Mentre pensava non si accorgeva di
passi rapidi e veloci
finche quando travolto dal suo dolore non si spinse in avanti non
sentì uno schianto
alle sue spalle e vide un braccio scuro cingergli la vita e tirarlo
indietro.
Si voltò terrorizzato e
vide alle sue spalle con uno sguardo
sconvolto Chad che lo fissava teso e ansioso. Il suo viso era contrito
e anche
arrabbiato mentre con un coltello tagliava la corda. Il biondo
iniziò a
dimenarsi mentre calde lacrime gli rigavano il viso:
Perché non gli lasciava
raggiungere la sua Gabriella?
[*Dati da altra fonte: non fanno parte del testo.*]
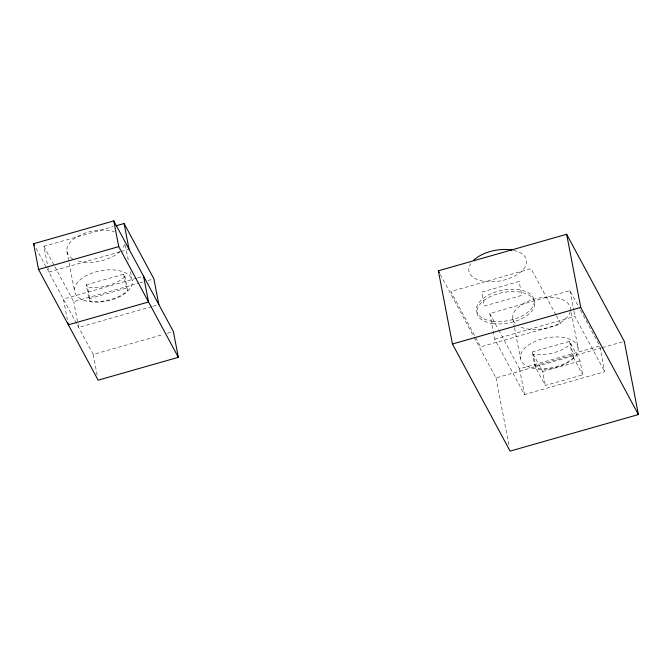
<?xml version="1.0" encoding="UTF-8"?>
<svg xmlns="http://www.w3.org/2000/svg" width="672" height="672" viewBox="0 0 672 672"><rect width="100%" height="100%" fill="white"/><g stroke="black" fill="none" stroke-linecap="round" stroke-linejoin="round"><path stroke-width="0.5" stroke-dasharray="3.36 2.52" d="M120.028 251.815L48.863 272.084L43.907 246.347L113.072 226.649M121.036 251.53L128.05 249.53M86.251 284.869L123.673 274.21L124.942 276.562L127.621 290.48A29.299 15.481 -10.9 0 1 90.199 301.14L88.931 298.788L86.251 284.869L87.52 287.221L90.199 301.14M136.567 278.242L63.395 299.082L67.36 319.67M137.575 277.956L143.59 276.242M54.835 266.641L73.702 301.703L138.852 283.139M139.86 282.853L142.867 281.996M147.874 280.568L153.888 278.855M88.931 298.788L126.353 288.128L127.621 290.48M151.83 306.592L78.658 327.432L73.702 301.703M152.83 306.306L158.844 304.592M47.006 268.64L93.19 354.438L163.355 334.446M167.37 333.304L173.384 331.59M599.936 347.021L604.699 371.725L524.504 394.565L494.71 339.217L489.754 313.48L569.94 290.64L579.382 308.162M494.71 339.217L574.896 316.369L604.699 371.725M532.098 351.994L569.52 341.334L580.062 360.914L582.742 374.833L545.32 385.493L534.778 365.912L532.098 351.994L542.64 371.574L545.32 385.493M498.691 330.086L519.548 368.827L599.743 345.988L579.877 309.086M534.778 365.912L572.2 355.253L582.742 374.833M474.13 337.285L496.003 377.916L601.247 347.936M602.255 347.651L622.297 341.939M542.64 371.574L580.062 360.914M555.845 314.773L531.014 268.649L450.828 291.488L474.667 335.773M556.34 315.697L560.809 323.996L480.623 346.836L475.163 336.689M489.754 313.48L498.196 329.162M440.336 274.504L473.634 336.361M43.907 246.347L54.331 265.726M36.086 248.346L46.511 267.716M569.94 290.64L573.712 310.195M573.905 311.228L574.896 316.369M578.08 347.92A29.299 15.481 -10.9 0 0 532.846 342.468A29.299 15.481 -10.9 0 0 536.836 369.004A29.299 15.481 -10.9 0 0 578.08 347.92L570.419 308.146A29.299 15.481 -10.9 0 0 533.786 299.326A29.299 15.481 -10.9 0 0 515.768 323.963M569.52 341.334L572.2 355.253M512.77 318.57L514.34 326.726M514.534 327.743L520.422 358.336M519.548 368.827L524.504 394.565M496.003 377.916L509.3 446.981M125.362 245.095L128.696 262.433M130.46 271.614L132.233 280.787A29.299 15.481 -10.9 0 1 90.989 301.871A29.299 15.481 -10.9 0 1 86.999 275.335A29.299 15.481 -10.9 0 1 132.233 280.787M123.673 274.21L126.353 288.128M93.19 354.438L97.154 375.026M66.914 251.437L74.575 291.211M570.284 311.371A29.299 15.481 -10.9 0 1 550.343 327.104A29.299 15.481 -10.9 0 1 520.237 326.869M513.694 250.362A29.299 15.481 -10.9 0 1 522.892 269.884A29.299 15.481 -10.9 0 1 485.327 281.509A29.299 15.481 -10.9 0 1 470.761 263.642M124.438 244.238A29.299 15.481 -10.9 0 1 121.976 249.228M120.095 251.345A29.299 15.481 -10.9 0 1 76.348 260.526M72.668 258.854A29.299 15.481 -10.9 0 1 75.869 237.56A29.299 15.481 -10.9 0 1 114.425 231.689M124.942 276.562A29.299 15.481 -10.9 0 1 87.52 287.221M519.095 281.459L481.673 292.118L484.352 306.037L521.774 295.378L519.095 281.459M573.468 357.613L570.788 343.694A29.299 15.481 -10.9 0 1 533.366 354.354L536.046 368.273A29.299 15.481 -10.9 0 0 573.468 357.613M492.811 323.543A29.299 15.481 -10.9 0 0 534.694 302.879A29.299 15.481 -10.9 0 0 489.955 296.806A29.299 15.481 -10.9 0 0 492.811 323.543M492.366 321.199A29.299 15.481 -10.9 0 0 534.24 300.544A29.299 15.481 -10.9 0 0 489.502 294.47A29.299 15.481 -10.9 0 0 492.366 321.199"/><path stroke-width="1.01" d="M33.6 243.734L113.786 220.895L173.384 331.59L178.34 357.328L98.146 380.167L38.556 269.472L33.6 243.734L34.591 245.582M116.08 225.792L124.093 223.507L153.888 278.855L158.844 304.592M38.556 269.472L118.742 246.624L178.34 357.328M438.346 270.808L566.647 234.268L624.305 341.368L638.4 414.565L510.098 451.105L452.441 344.005L438.346 270.808L439.345 272.656M452.441 344.005L580.742 307.457L638.4 414.565M566.647 234.268L580.742 307.457M143.59 276.242L148.537 301.98L68.351 324.82L67.956 322.762M124.093 223.507L129.049 249.245M113.786 220.895L118.742 246.624M473.609 260.274A29.299 15.481 -10.9 0 1 511.93 250.018"/></g></svg>
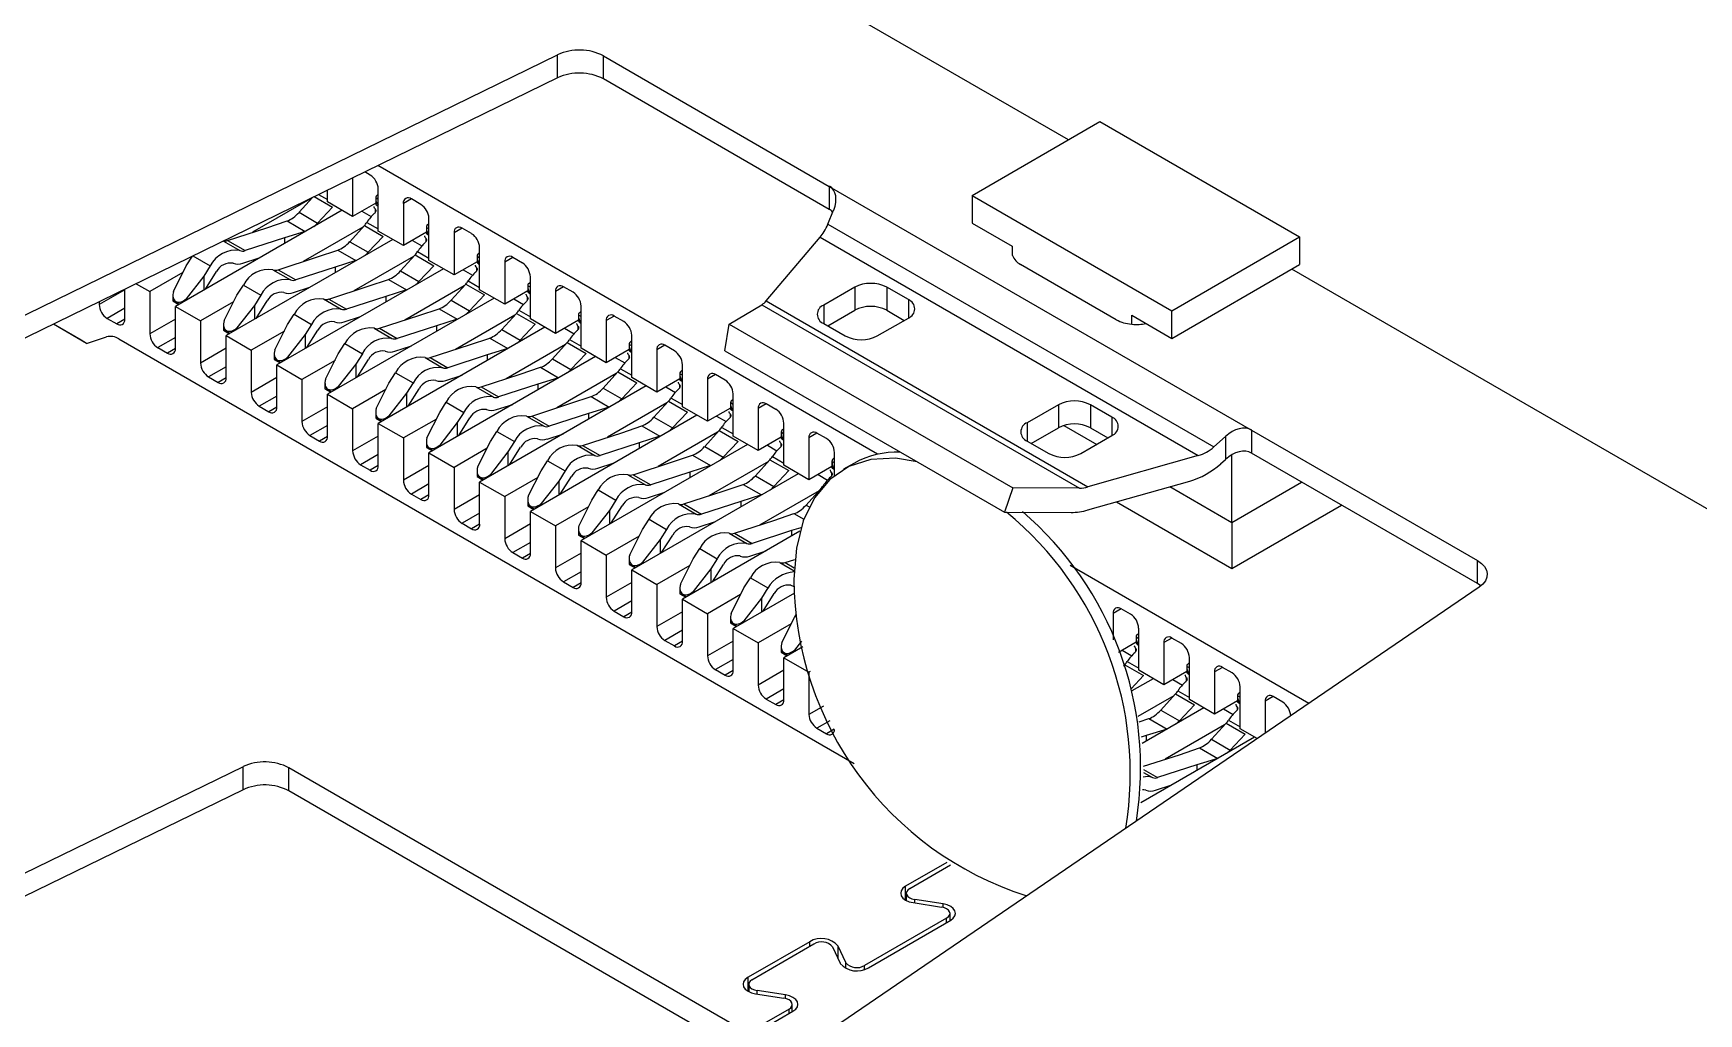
# Model space of a CAD drawing. Header units: millimetres. Extents: x 43 to 185, y 87 to 254.
# Drawn here: x 122.55 to 137.3, y 230.08 to 238.76 of the extents above; entities that cross this region are included whole.
import ezdxf

# ---------------------------------------------------------------- set-up
doc = ezdxf.new("R2010")
doc.units = ezdxf.units.MM

msp = doc.modelspace()

# ---------------------------------------------------------------- linework, layer by layer
at = {"color": 7, "linetype": 'Continuous', "lineweight": 25}
for p, q in [((131.72, 237.817), (127.47, 240.27)), ((120.512, 235.307), (127.196, 238.571)), ((127.196, 238.367), (127.196, 238.571)), ((127.602, 238.562), (129.603, 237.406)), ((127.602, 238.358), (127.602, 238.562)), ((127.196, 238.367), (120.512, 235.103)), ((129.603, 237.202), (127.602, 238.358)), ((130.868, 237.326), (132, 237.979)), ((132, 237.979), (133.768, 236.958)), ((125.537, 237.505), (125.488, 237.533)), ((130.03, 235.034), (125.603, 237.589)), ((125.159, 237.269), (125.159, 237.372)), ((125.381, 237.481), (125.381, 237.14)), ((125.59, 237.32), (125.608, 237.337)), ((125.608, 237.009), (125.608, 237.383)), ((129.603, 237.406), (133.341, 235.248)), ((129.603, 237.406), (129.603, 237.202)), ((125.287, 237.195), (123.812, 236.343)), ((125.022, 237.303), (124.495, 236.999)), ((124.907, 237.176), (125.026, 237.308)), ((125.041, 237.315), (125.203, 237.222)), ((125.203, 237.222), (125.07, 237.081)), ((125.079, 237.334), (125.159, 237.288)), ((125.381, 237.14), (125.159, 237.269)), ((125.585, 237.258), (125.381, 237.14)), ((125.581, 237.206), (125.581, 237.174)), ((125.608, 237.29), (125.585, 237.303)), ((125.585, 237.299), (125.585, 237.248)), ((125.901, 237.295), (125.83, 237.254)), ((125.83, 237.254), (125.83, 236.881)), ((125.986, 237.246), (125.901, 237.295)), ((129.59, 237.072), (129.641, 237.195)), ((130.868, 237.326), (130.868, 237.081)), ((130.868, 237.326), (132.636, 236.305)), ((124.621, 237.04), (124.8, 237.1)), ((124.8, 237.1), (124.96, 237.007)), ((124.907, 237.176), (125.07, 237.081)), ((125.471, 237.044), (124.944, 236.74)), ((125.356, 236.916), (125.485, 237.059)), ((125.462, 237.186), (125.546, 237.138)), ((125.485, 237.059), (125.652, 236.962)), ((125.507, 237.087), (125.608, 237.029)), ((126.057, 237.03), (126.034, 237.043)), ((126.039, 237.061), (126.057, 237.078)), ((126.057, 236.75), (126.057, 237.123)), ((129.59, 237.072), (133.008, 235.099)), ((130.868, 237.081), (131.222, 236.877)), ((124.236, 236.921), (124.382, 236.837)), ((125.736, 236.935), (124.261, 236.084)), ((124.273, 236.927), (124.621, 237.04)), ((124.273, 236.927), (124.429, 236.837)), ((124.777, 236.95), (124.429, 236.837)), ((124.96, 237.007), (124.777, 236.95)), ((124.777, 236.95), (124.777, 236.9)), ((125.356, 236.916), (125.519, 236.822)), ((125.652, 236.962), (125.519, 236.822)), ((125.83, 236.881), (125.608, 237.009)), ((126.034, 236.999), (125.83, 236.881)), ((125.911, 236.927), (125.995, 236.879)), ((126.03, 236.947), (126.03, 236.915)), ((126.034, 237.04), (126.034, 236.989)), ((126.35, 237.036), (126.279, 236.995)), ((126.279, 236.995), (126.279, 236.622)), ((126.435, 236.987), (126.35, 237.036)), ((129.043, 236.391), (129.523, 236.955)), ((129.523, 236.955), (132.871, 235.022)), ((132.636, 236.305), (133.768, 236.958)), ((133.768, 236.958), (133.768, 236.713)), ((123.907, 236.701), (123.962, 236.788)), ((123.967, 236.79), (124.12, 236.701)), ((124.409, 236.725), (124.554, 236.772)), ((124.722, 236.668), (125.07, 236.781)), ((125.07, 236.781), (125.249, 236.841)), ((125.409, 236.748), (125.226, 236.691)), ((125.249, 236.841), (125.409, 236.748)), ((125.92, 236.785), (125.393, 236.48)), ((125.805, 236.657), (125.934, 236.8)), ((125.934, 236.8), (126.101, 236.703)), ((125.956, 236.828), (126.057, 236.769)), ((126.279, 236.622), (126.057, 236.75)), ((126.506, 236.771), (126.483, 236.784)), ((126.483, 236.781), (126.483, 236.73)), ((126.488, 236.802), (126.506, 236.819)), ((126.506, 236.491), (126.506, 236.864)), ((126.799, 236.776), (126.728, 236.736)), ((126.884, 236.727), (126.799, 236.776)), ((131.222, 236.877), (131.222, 236.795)), ((123.878, 236.642), (123.585, 236.474)), ((123.794, 236.476), (123.907, 236.701)), ((124.063, 236.611), (123.907, 236.411)), ((124.12, 236.701), (124.063, 236.611)), ((124.063, 236.611), (124.063, 236.488)), ((124.077, 236.496), (124.175, 236.651)), ((124.675, 236.668), (124.831, 236.578)), ((126.185, 236.676), (124.71, 235.825)), ((124.722, 236.668), (124.878, 236.578)), ((125.226, 236.691), (124.878, 236.578)), ((125.226, 236.691), (125.226, 236.641)), ((125.805, 236.657), (125.968, 236.563)), ((126.101, 236.703), (125.968, 236.563)), ((126.483, 236.739), (126.279, 236.622)), ((126.36, 236.668), (126.444, 236.619)), ((126.479, 236.687), (126.479, 236.655)), ((126.728, 236.736), (126.728, 236.362)), ((126.955, 236.232), (126.955, 236.605)), ((132.144, 236.225), (131.296, 236.715)), ((132.636, 236.06), (133.768, 236.713)), ((138.303, 234.017), (133.7, 236.674)), ((123.363, 236.49), (123.136, 236.36)), ((123.363, 236.229), (123.363, 236.495)), ((123.463, 236.544), (123.585, 236.474)), ((123.585, 236.474), (123.585, 236.1)), ((124.356, 236.442), (124.413, 236.532)), ((124.413, 236.532), (124.569, 236.442)), ((124.858, 236.465), (125.003, 236.512)), ((125.171, 236.408), (125.519, 236.521)), ((125.519, 236.521), (125.698, 236.581)), ((125.858, 236.489), (125.675, 236.432)), ((125.698, 236.581), (125.858, 236.489)), ((126.369, 236.525), (125.842, 236.221)), ((126.254, 236.398), (126.383, 236.54)), ((126.383, 236.54), (126.55, 236.444)), ((126.405, 236.568), (126.506, 236.51)), ((126.728, 236.362), (126.506, 236.491)), ((126.932, 236.48), (126.728, 236.362)), ((126.955, 236.512), (126.932, 236.525)), ((126.932, 236.522), (126.932, 236.47)), ((126.937, 236.542), (126.955, 236.559)), ((127.248, 236.517), (127.177, 236.476)), ((127.177, 236.476), (127.177, 236.103)), ((127.333, 236.468), (127.248, 236.517)), ((129.829, 236.513), (129.553, 236.354)), ((129.829, 236.513), (129.829, 236.309)), ((130.303, 236.403), (130.112, 236.513)), ((130.112, 236.513), (130.112, 236.309)), ((123.136, 236.384), (123.136, 236.36)), ((123.363, 236.327), (123.207, 236.237)), ((123.789, 236.443), (123.789, 236.391)), ((123.789, 236.391), (123.842, 236.361)), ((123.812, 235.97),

Sentì uno
scalpiccio sotto e abbassato lo sguardo vide dei capelli biondi mossi
dal
vento. Era Sharpay. La fissò e si sentì
sciogliere: la migliore amica della sua
Ella che lo guardava in lacrime.
Abbandonò ogni resistenza.
E mentre Chad lo trascinava giù
da quell’albero che avrebbe dovuto segnare la sua fine
sentì il cuore tornare a
battere normale e il corpo smettere di bruciare, diventando
più leggero.
Ella era contenta ora…
Fine.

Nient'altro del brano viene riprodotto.